*Required action*
The response should be the lines of the data, starting at the first and ending at the one that contains "settings ConfigComp: DVTestSuiteOptimization=Auto", copied without change.

Dataset entries
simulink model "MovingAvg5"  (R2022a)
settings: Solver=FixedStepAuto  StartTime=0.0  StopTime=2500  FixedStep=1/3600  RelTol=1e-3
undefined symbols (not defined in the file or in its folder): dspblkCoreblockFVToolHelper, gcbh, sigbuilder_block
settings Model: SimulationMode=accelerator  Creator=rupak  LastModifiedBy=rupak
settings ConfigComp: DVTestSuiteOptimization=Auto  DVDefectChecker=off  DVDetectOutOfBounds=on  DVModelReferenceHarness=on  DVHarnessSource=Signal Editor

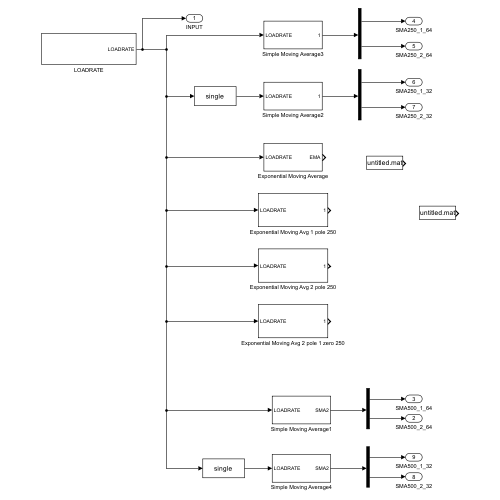
[thumbnail: Simulink's stored preview of the top-level diagram]
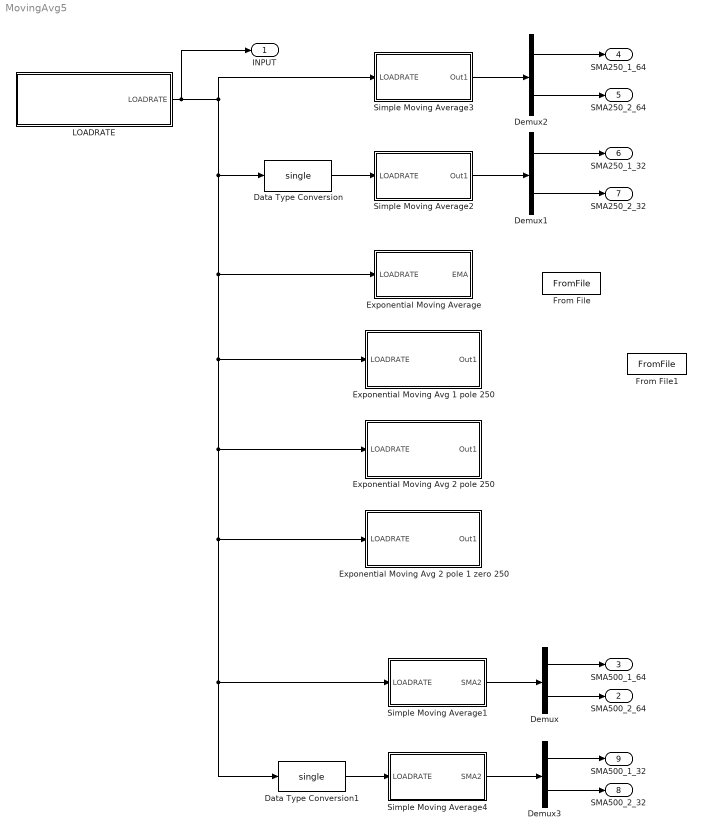
== system MovingAvg5 ==
  Data Type Conversion : DataTypeConversion  OutDataTypeStr=single  SaturateOnIntegerOverflow=off  RndMeth=Floor
  Data Type Conversion1 : DataTypeConversion  OutDataTypeStr=single  SaturateOnIntegerOverflow=off  RndMeth=Floor
  Demux{,1..3} (4 alike) : Demux  Outputs=2
  Exponential Moving Average : Subsystem
  Exponential Moving Avg 1 pole 250 : Subsystem
  Exponential Moving Avg 2 pole 1 zero 250 : Subsystem
  Exponential Moving Avg 2 pole 250 : Subsystem
  From File : FromFile  SampleTime=0
  From File1 : FromFile  SampleTime=0
  LOADRATE : Subsystem
  Simple Moving Average1 : Subsystem
  Simple Moving Average2 : Subsystem
  Simple Moving Average3 : Subsystem
  Simple Moving Average4 : Subsystem
  INPUT : Outport
  SMA500_2_64 : Outport  Port=2
  SMA500_1_64 : Outport  Port=3
  SMA250_1_64 : Outport  Port=4
  SMA250_2_64 : Outport  Port=5
  SMA250_1_32 : Outport  Port=6
  SMA250_2_32 : Outport  Port=7
  SMA500_2_32 : Outport  Port=8
  SMA500_1_32 : Outport  Port=9
  wires:
  Simple Moving Average1/1(SMA2) -> Demux/1
  Demux/1 -> SMA500_1_64/1
  Demux/2 -> SMA500_2_64/1
  Demux2/2 -> SMA250_2_64/1
  Demux2/1 -> SMA250_1_64/1
  Simple Moving Average3/1(Out1) -> Demux2/1
  LOADRATE/1(LOADRATE) -> Data Type Conversion/1, Exponential Moving Avg 1 pole 250/1(LOADRATE), Exponential Moving Avg 2 pole 250/1(LOADRATE), Exponential Moving Avg 2 pole 1 zero 250/1(LOADRATE), Simple Moving Average1/1(LOADRATE), Data Type Conversion1/1, Exponential Moving Average/1(LOADRATE), Simple Moving Average3/1(LOADRATE), INPUT/1
  Simple Moving Average2/1(Out1) -> Demux1/1
  Demux1/1 -> SMA250_1_32/1
  Demux1/2 -> SMA250_2_32/1
  Demux3/2 -> SMA500_2_32/1
  Demux3/1 -> SMA500_1_32/1
  Simple Moving Average4/1(SMA2) -> Demux3/1
  Data Type Conversion/1 -> Simple Moving Average2/1(LOADRATE)
  Data Type Conversion1/1 -> Simple Moving Average4/1(LOADRATE)

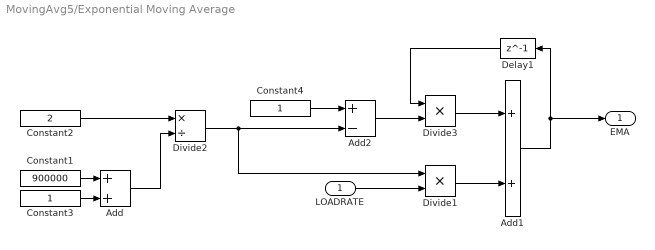
== system MovingAvg5/Exponential Moving Average ==
  LOADRATE : Inport
  Add : Sum
  Add1 : Sum
  Add2 : Sum  Inputs=+-
  Constant1 : Constant  Value=900000  OutDataTypeStr=single
  Constant2 : Constant  Value=2  OutDataTypeStr=single
  Constant3 : Constant  OutDataTypeStr=single
  Constant4 : Constant  OutDataTypeStr=single
  Delay1 : Delay  DelayLength=1  InitialCondition=60
  Divide1 : Product  Inputs=**
  Divide2 : Product  Inputs=*/
  Divide3 : Product  Inputs=**
  EMA : Outport
  wires:
  Add1/1 -> EMA/1, Delay1/1
  Divide1/1 -> Add1/2
  Constant2/1 -> Divide2/1
  Constant1/1 -> Add/1
  Constant3/1 -> Add/2
  Add/1 -> Divide2/2
  Delay1/1 -> Divide3/1
  Divide3/1 -> Add1/1
  Add2/1 -> Divide3/2
  Constant4/1 -> Add2/1
  Divide2/1 -> Add2/2, Divide1/1
  LOADRATE/1 -> Divide1/2

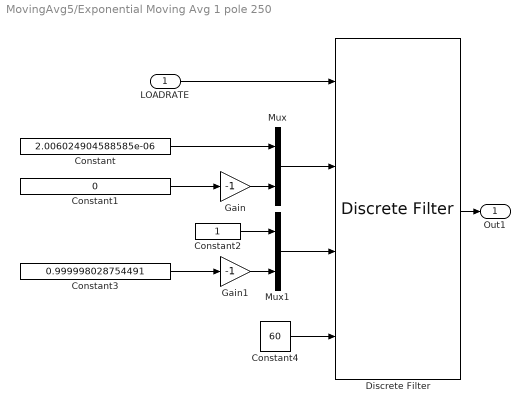
== system MovingAvg5/Exponential Moving Avg 1 pole 250 ==
  LOADRATE : Inport
  Constant : Constant  Value=2.006024904588585e-06
  Constant1 : Constant  Value=0
  Constant2 : Constant
  Constant3 : Constant  Value=0.999998028754491
  Constant4 : Constant  Value=60
  Discrete Filter : DiscreteFilter  LoadFcn=dspblkCoreblockFVToolHelper(gcbh,'load');  NumeratorSource=Input port  DenominatorSource=Input port  InitialStatesSource=Input port  FilterStructure=Direct form II transposed  a0EqualsOne=on
      settings: CopyFcn=dspblkCoreblockFVToolHelper(gcbh,'copy');  DeleteFcn=dspblkCoreblockFVToolHelper(gcbh,'close');  ModelCloseFcn=dspblkCoreblockFVToolHelper(gcbh,'close');  PreSaveFcn=dspblkCoreblockFVToolHelper(gcbh,'presave');  PostSaveFcn=dspblkCoreblockFVToolHelper(gcbh,'postsave');  CloseFcn=dspblkCoreblockFVToolHelper(gcbh,'close');  InputPortMap=u0,p1,p3,p5
  Gain : Gain  Gain=-1
  Gain1 : Gain  Gain=-1
  Mux : Mux  Inputs=2
  Mux1 : Mux  Inputs=2
  Out1 : Outport
  wires:
  Constant4/1 -> Discrete Filter/4
  Constant2/1 -> Mux1/1
  Constant3/1 -> Gain1/1
  Gain1/1 -> Mux1/2
  Mux/1 -> Discrete Filter/2
  Mux1/1 -> Discrete Filter/3
  Constant/1 -> Mux/1
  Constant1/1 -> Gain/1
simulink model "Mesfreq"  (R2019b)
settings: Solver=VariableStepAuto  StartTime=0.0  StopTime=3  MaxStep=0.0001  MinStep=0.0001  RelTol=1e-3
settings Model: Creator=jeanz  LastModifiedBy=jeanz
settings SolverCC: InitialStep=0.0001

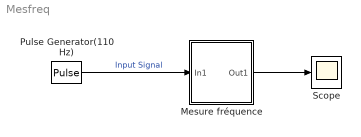
== system Mesfreq ==
  Mesure fréquence : Subsystem
  Pulse Generator(110Hz) : DiscretePulseGenerator  PulseType=Time based  Amplitude=5  Period=1/222  PulseWidth=50
  Scope : Scope
  wires:
  Mesure fréquence/1(Out1) -> Scope/1
  Pulse Generator(110Hz)/1 -> Mesure fréquence/1(In1)  "Input Signal"

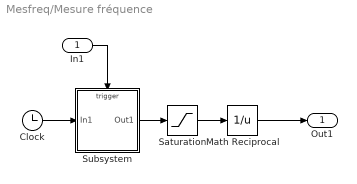
== system Mesfreq/Mesure fréquence ==
  In1 : Inport
  Clock : Clock
  Math Reciprocal : Math  Operator=reciprocal  SaturateOnIntegerOverflow=on
  Saturation : Saturate  UpperLimit=1  LowerLimit=0.003
  Subsystem : Subsystem
  Out1 : Outport
  wires:
  In1/1 -> Subsystem/Trigger
  Clock/1 -> Subsystem/1(In1)
  Subsystem/1(Out1) -> Saturation/1
  Saturation/1 -> Math Reciprocal/1
  Math Reciprocal/1 -> Out1/1

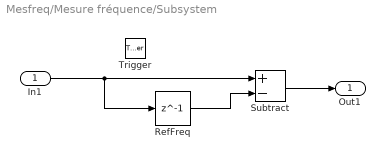
== system Mesfreq/Mesure fréquence/Subsystem ==
  In1 : Inport
  Trigger : TriggerPort  VariantControl=Variant  PortDimensions=1
  RefFreq : Delay  DelayLength=1  InitialCondition=0
  Subtract : Sum  Inputs=+-
  Out1 : Outport
  wires:
  In1/1 -> RefFreq/1, Subtract/1
  RefFreq/1 -> Subtract/2
  Subtract/1 -> Out1/1
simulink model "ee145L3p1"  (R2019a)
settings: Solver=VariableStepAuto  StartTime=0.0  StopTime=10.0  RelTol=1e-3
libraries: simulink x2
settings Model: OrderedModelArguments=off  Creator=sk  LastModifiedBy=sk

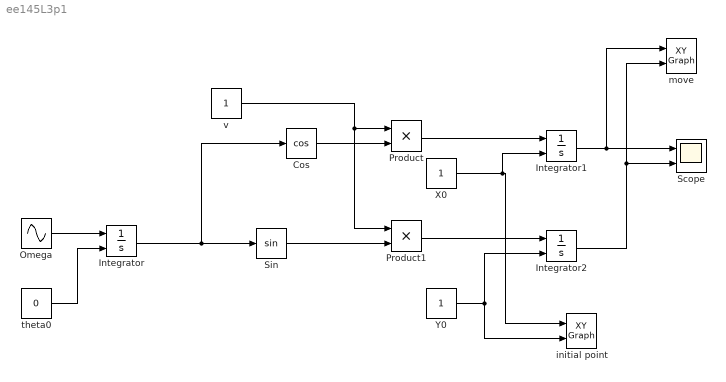
== system ee145L3p1 ==
  Cos : Trigonometry  Operator=cos
  Integrator : Integrator  InitialConditionSource=external
  Integrator1 : Integrator  InitialConditionSource=external
  Integrator2 : Integrator  InitialConditionSource=external
  Omega : Sin  Frequency=.01  SampleTime=0
  Product : Product
  Product1 : Product
  Scope : Scope  NumInputPorts=2
  Sin : Trigonometry
  "X0 " : Constant
  Y0 : Constant
  "initial point " : simulink/Sinks/XY Graph  xmin=0  xmax=5  ymin=0  ymax=5  st=-1
  move : simulink/Sinks/XY Graph  xmin=0  xmax=5  ymin=0  ymax=5  st=-1
  "theta0 " : Constant  Value=0
  "v " : Constant
  wires:
  "v "/1 -> Product1/1, Product/1
  Integrator/1 -> Cos/1, Sin/1
  Omega/1 -> Integrator/1
  "theta0 "/1 -> Integrator/2
  "X0 "/1 -> "initial point "/1, Integrator1/2
  Y0/1 -> "initial point "/2, Integrator2/2
  Integrator1/1 -> move/1, Scope/1
  Product/1 -> Integrator1/1
  Integrator2/1 -> move/2, Scope/2
  Cos/1 -> Product/2
  Product1/1 -> Integrator2/1
  Sin/1 -> Product1/2

*Response area*
simulink model "MovingAvg5"  (R2022a)
settings: Solver=FixedStepAuto  StartTime=0.0  StopTime=2500  FixedStep=1/3600  RelTol=1e-3
undefined symbols (not defined in the file or in its folder): dspblkCoreblockFVToolHelper, gcbh, sigbuilder_block
settings Model: SimulationMode=accelerator  Creator=rupak  LastModifiedBy=rupak
settings ConfigComp: DVTestSuiteOptimization=Auto  DVDefectChecker=off  DVDetectOutOfBounds=on  DVModelReferenceHarness=on  DVHarnessSource=Signal Editor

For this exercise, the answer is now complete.